→ **Problem requirements**: Restate exactly the lines that run from the start of the records below to the line containing "doc.styles.get('ＭＳ ゴシック').set_extended_font_data('MS Gothic')", counting both ends, and nothing else; pictures stay out.

Excerpts from a dataset
····················

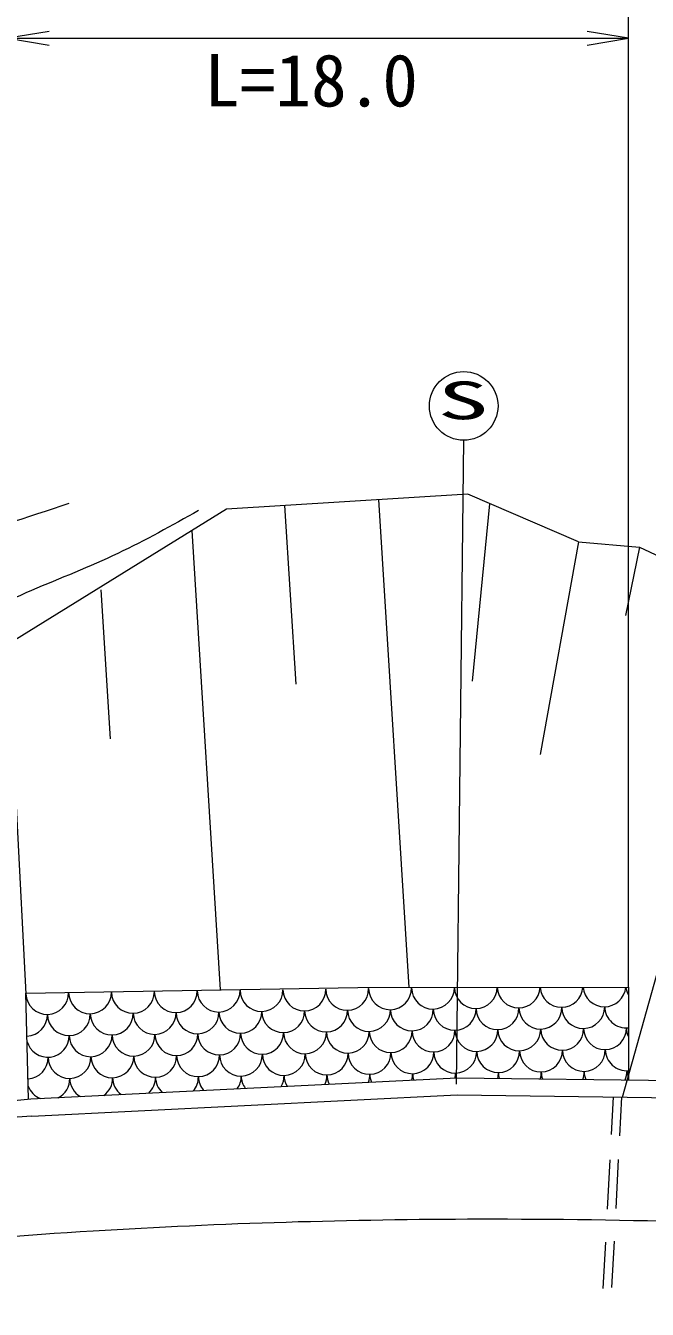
# Model space of a CAD drawing. Units: millimetres, scale not verified. Extents: x 40000 to 680000, y 20000 to 380000.
# Drawn here: x 111222 to 132974, y 295246 to 340149 of the extents above; entities that cross this region are included whole.
import ezdxf
from ezdxf.enums import TextEntityAlignment as Align

# ---------------------------------------------------------------- set-up
doc = ezdxf.new("R2010")
doc.units = ezdxf.units.MM
doc.header["$LTSCALE"] = 1000
for name, color, linetype, lineweight in [('M-BGD', 2, 'Continuous', 13), ('M-TTL', 7, 'Continuous', 13), ('M-TTL-FRAM', 7, 'Continuous', 13), ('M-TTL-LINE', 7, 'Continuous', 13), ('M-TTL-TXT', 7, 'Continuous', 13)]:
    doc.layers.add(name, color=color, linetype=linetype, lineweight=lineweight)
doc.styles.add('ＭＳ ゴシック', font='')
doc.styles.get('ＭＳ ゴシック').set_extended_font_data('MS Gothic')

# ---------------------------------------------------------------- blocks, each defined once
blk = doc.blocks.new('open_arrow')
at = {"color": 0, "linetype": 'Continuous', "lineweight": -2}
blk.add_lwpolyline([(7.5, 1.25), (0, 0), (7.5, -1.25)], dxfattribs=at)

msp = doc.modelspace()

# ---------------------------------------------------------------- linework, layer by layer
at = {"layer": 'M-BGD'}
msp.add_open_spline([(83988, 293614), (88183, 294533), (92379, 295452), (96614, 296153), (99846, 296689), (103100, 297097), (106362, 297419), (108764, 297655), (111170, 297844), (113579, 297992), (118081, 298268), (122592, 298399), (127103, 298407), (132328, 298417), (137552, 298263), (142767, 297927), (146470, 297687), (150169, 297356), (153845, 296859), (156971, 296436), (160080, 295892), (163189, 295349)], degree=3, knots=[0, 0, 0, 0, 1, 1, 1, 2, 2, 2, 3, 3, 3, 4, 4, 4, 5, 5, 5, 6, 6, 6, 7, 7, 7, 7], dxfattribs=at)
at = {"layer": 'M-TTL'}
for p, q in [((126694, 323765), (118253, 323241)), ((130564, 322096), (126694, 323765)), ((120284, 323367), (120673, 317110)), ((124637, 306509), (123578, 323571)), ((127449, 323420), (126845, 317218)), ((118253, 323241), (110601, 318505)), ((117030, 322484), (118027, 306423)), ((130564, 322096), (129225, 314652)), ((130564, 322096), (132702, 321908)), ((132702, 321908), (132207, 319514)), ((132702, 321908), (134698, 320968)), ((113852, 320414), (114175, 315200)), ((110601, 318505), (111224, 306284)), ((111224, 306303), (122847, 306507)), ((111322, 302597), (111224, 306303)), ((122847, 306507), (132318, 306516)), ((132318, 306516), (132316, 303270)), ((111404, 302604), (126313, 303346)), ((126313, 303346), (138996, 303185)), ((111433, 302005), (126324, 302746)), ((126324, 302746), (138987, 302585)), ((131774, 302677), (131705, 301363)), ((132074, 302673), (132003, 301317)), ((107103, 302213), (111404, 302604)), ((111433, 302005), (104973, 301542)), ((131658, 300474), (131567, 298745)), ((131959, 300486), (131869, 298773)), ((131507, 297597), (131422, 295974)), ((131809, 297636), (131724, 296012))]:
    msp.add_line(p, q, dxfattribs=at)
for centre, start, end in [((111974, 306314), 182.2615, 0.7843), ((113474, 306334), 180.7843, 0.7843), ((112714, 307074), 270.7783, 270.7903), ((114213, 307094), 270.7792, 270.7894), ((114974, 306355), 180.7843, 0.7843), ((116473, 306375), 180.7843, 0.7843), ((115713, 307115), 270.7802, 270.7884), ((117973, 306396), 180.7843, 0.7843), ((117213, 307135), 270.7816, 270.787), ((119473, 306416), 180.7843, 0.7843), ((120973, 306437), 180.7843, 0.7843), ((122473, 306457), 180.7843, 0.7843), ((121713, 307197), 270.7788, 270.7897), ((123973, 306478), 180.7843, 0.7843), ((123213, 307218), 270.7798, 270.7888), ((124712, 307238), 270.781, 270.7875), ((125473, 306498), 180.7843, 0.7843), ((126972, 306519), 180.7843, 359.4218), ((128472, 306539), 182.1472, 357.9559), ((129972, 306560), 183.6145, 356.4887), ((131472, 306581), 185.084, 355.0191), ((132972, 306601), 186.5569, 209.2473), ((127733, 305779), 180.7843, 0.7843), ((129233, 305800), 180.7843, 0.7843), ((130732, 305820), 180.7843, 0.7843), ((132232, 305841), 180.7843, 276.4753), ((111234, 305553), 272.2615, 0.7843), ((112734, 305574), 180.7843, 0.7843), ((114234, 305595), 180.7843, 0.7843), ((115734, 305615), 180.7843, 0.7843), ((117234, 305636), 180.7843, 0.7843), ((118733, 305656), 180.7843, 0.7843), ((120233, 305677), 180.7843, 0.7843), ((121733, 305697), 180.7843, 0.7843), ((123233, 305718), 180.7843, 0.7843), ((124733, 305738), 180.7843, 0.7843), ((126233, 305759), 180.7843, 0.7843), ((117994, 304896), 180.7843, 0.7843), ((119494, 304916), 180.7843, 0.7843), ((120994, 304937), 180.7843, 0.7843), ((122493, 304958), 180.7843, 0.7843), ((123993, 304978), 180.7843, 0.7843), ((125493, 304999), 180.7843, 0.7843), ((126993, 305019), 180.7843, 0.7843), ((128493, 305040), 180.7843, 0.7843), ((129993, 305060), 180.7843, 0.7843), ((131493, 305081), 180.7843, 0.7843), ((132992, 305101), 180.7843, 205.6998), ((111994, 304814), 194.5826, 0.7843), ((113494, 304834), 180.7843, 0.7843), ((114994, 304855), 180.7843, 0.7843), ((116494, 304875), 180.7843, 0.7843), ((111255, 304054), 273.7392, 0.7843), ((112755, 304074), 180.7843, 0.7843), ((114254, 304095), 180.7843, 0.7843), ((115754, 304115), 180.7843, 0.7843), ((117254, 304136), 180.7843, 0.7843), ((118754, 304156), 180.7843, 0.7843), ((120254, 304177), 180.7843, 0.7843), ((121754, 304197), 180.7843, 0.7843), ((123254, 304218), 180.7843, 0.7843), ((124753, 304238), 180.7843, 0.7843), ((126253, 304259), 180.7843, 0.7843), ((127753, 304279), 180.7843, 0.7843), ((129253, 304300), 180.7843, 0.7843), ((130753, 304320), 180.7843, 0.7843), ((132253, 304341), 180.7843, 274.8289), ((128513, 303540), 342.1133, 0.7843), ((130013, 303560), 180.7843, 199.625), ((130013, 303560), 338.9171, 0.7843), ((131513, 303581), 180.7843, 202.8888), ((131513, 303581), 335.6533, 0.7843), ((133013, 303601), 180.7843, 201.6225), ((112015, 303314), 297.5247, 0.7843), ((113515, 303334), 180.7843, 239.6088), ((113515, 303334), 306.1167, 0.7843), ((115015, 303355), 180.7843, 232.6553), ((115015, 303355), 313.0703, 0.7843), ((116515, 303376), 180.7843, 226.5859), ((116515, 303376), 319.1396, 0.7843), ((118014, 303396), 180.7843, 221.0795), ((118014, 303396), 324.6461, 0.7843), ((119514, 303417), 180.7843, 215.9626), ((119514, 303417), 329.7629, 0.7843), ((121014, 303437), 180.7843, 211.1286), ((121014, 303437), 334.5969, 0.7843), ((122514, 303458), 180.7843, 206.5051), ((122514, 303458), 339.2204, 0.7843), ((124014, 303478), 180.7843, 202.0399), ((124014, 303478), 343.6857, 0.7843), ((125514, 303499), 180.7843, 197.6928), ((125514, 303499), 348.0328, 0.7843), ((127014, 303519), 180.7843, 193.4315), ((127014, 303519), 345.2553, 0.7843), ((128513, 303540), 180.7843, 196.4289), ((112015, 303314), 200.0176, 248.2008)]:
    msp.add_arc(centre, 750, start, end, dxfattribs=at)
at = {"layer": 'M-TTL-FRAM'}
msp.add_open_spline([(112729, 323430), (111267, 322945), (109804, 322460), (108319, 322061), (106593, 321597), (104835, 321248), (103073, 320921), (101621, 320651), (100166, 320395), (98702, 320237), (96436, 319992), (94147, 319981), (91859, 319970)], degree=3, knots=[0, 0, 0, 0, 1, 1, 1, 2, 2, 2, 3, 3, 3, 4, 4, 4, 4], dxfattribs=at)
at = {"layer": 'M-TTL-LINE'}
msp.add_open_spline([(117268, 323186), (116337, 322665), (115407, 322143), (114445, 321687), (113455, 321218), (112432, 320819), (111422, 320388), (110389, 319948), (109370, 319476), (108323, 319078), (107023, 318585), (105679, 318208), (104332, 317842), (102972, 317472), (101608, 317113), (100229, 316858), (98705, 316576), (97163, 316421), (95620, 316156), (94505, 315963), (93390, 315713), (92276, 315734), (91395, 315750), (90514, 315937), (89634, 316099), (87735, 316451), (85837, 316693), (83929, 316858), (82353, 316995), (80771, 317079), (79180, 317055), (78396, 317043), (77610, 317005), (76847, 316858), (75670, 316631), (74547, 316143), (73475, 315565), (72373, 314972), (71324, 314284), (70439, 313429), (69747, 312761), (69156, 311990), (68472, 311294), (67681, 310488), (66767, 309782), (66140, 308877), (65474, 307917), (65130, 306733), (64847, 305560), (64525, 304227), (64282, 302910), (64172, 301570), (64102, 300713), (64087, 299846), (64032, 298984), (63959, 297842), (63818, 296707), (63677, 295572)], degree=3, knots=[0, 0, 0, 0, 1, 1, 1, 2, 2, 2, 3, 3, 3, 4, 4, 4, 5, 5, 5, 6, 6, 6, 7, 7, 7, 8, 8, 8, 9, 9, 9, 10, 10, 10, 11, 11, 11, 12, 12, 12, 13, 13, 13, 14, 14, 14, 15, 15, 15, 16, 16, 16, 17, 17, 17, 18, 18, 18, 19, 19, 19, 19], dxfattribs=at)
at = {"layer": 'M-TTL-TXT'}
for p, q in [((132318, 306516), (132318, 340824)), ((110601, 339707), (132318, 339707)), ((132103, 302664), (142457, 339707)), ((126536, 325648), (126286, 303127))]:
    msp.add_line(p, q, dxfattribs=at)
msp.add_circle((126549, 326848), 1200, dxfattribs=at)

# ---------------------------------------------------------------- block references
at = {"layer": 'M-TTL-TXT', "xscale": 193, "yscale": 193}
msp.add_blockref('open_arrow', (110601, 339707), dxfattribs=at)
at = {"layer": 'M-TTL-TXT', "xscale": 193, "yscale": 193, "rotation": 180}
msp.add_blockref('open_arrow', (132318, 339707), dxfattribs=at)

# ---------------------------------------------------------------- texts
at = {"layer": 'M-TTL-TXT', "style": 'ＭＳ ゴシック'}
msp.add_text('L=18.0', height=1833, dxfattribs=at).set_placement((117467, 336772), align=Align.BOTTOM_LEFT)
at = {"layer": 'M-TTL-TXT', "style": 'ＭＳ ゴシック', "width": 2}
msp.add_text('S', height=1320, dxfattribs=at).set_placement((125630, 325985), align=Align.BOTTOM_LEFT)

doc.saveas('drawing.dxf')

····················

→ **Problem solution**:
# Model space of a CAD drawing. Units: millimetres, scale not verified. Extents: x 40000 to 680000, y 20000 to 380000.
# Drawn here: x 111222 to 132974, y 295246 to 340149 of the extents above; entities that cross this region are included whole.
import ezdxf
from ezdxf.enums import TextEntityAlignment as Align

# ---------------------------------------------------------------- set-up
doc = ezdxf.new("R2010")
doc.units = ezdxf.units.MM
doc.header["$LTSCALE"] = 1000
for name, color, linetype, lineweight in [('M-BGD', 2, 'Continuous', 13), ('M-TTL', 7, 'Continuous', 13), ('M-TTL-FRAM', 7, 'Continuous', 13), ('M-TTL-LINE', 7, 'Continuous', 13), ('M-TTL-TXT', 7, 'Continuous', 13)]:
    doc.layers.add(name, color=color, linetype=linetype, lineweight=lineweight)
doc.styles.add('ＭＳ ゴシック', font='')
doc.styles.get('ＭＳ ゴシック').set_extended_font_data('MS Gothic')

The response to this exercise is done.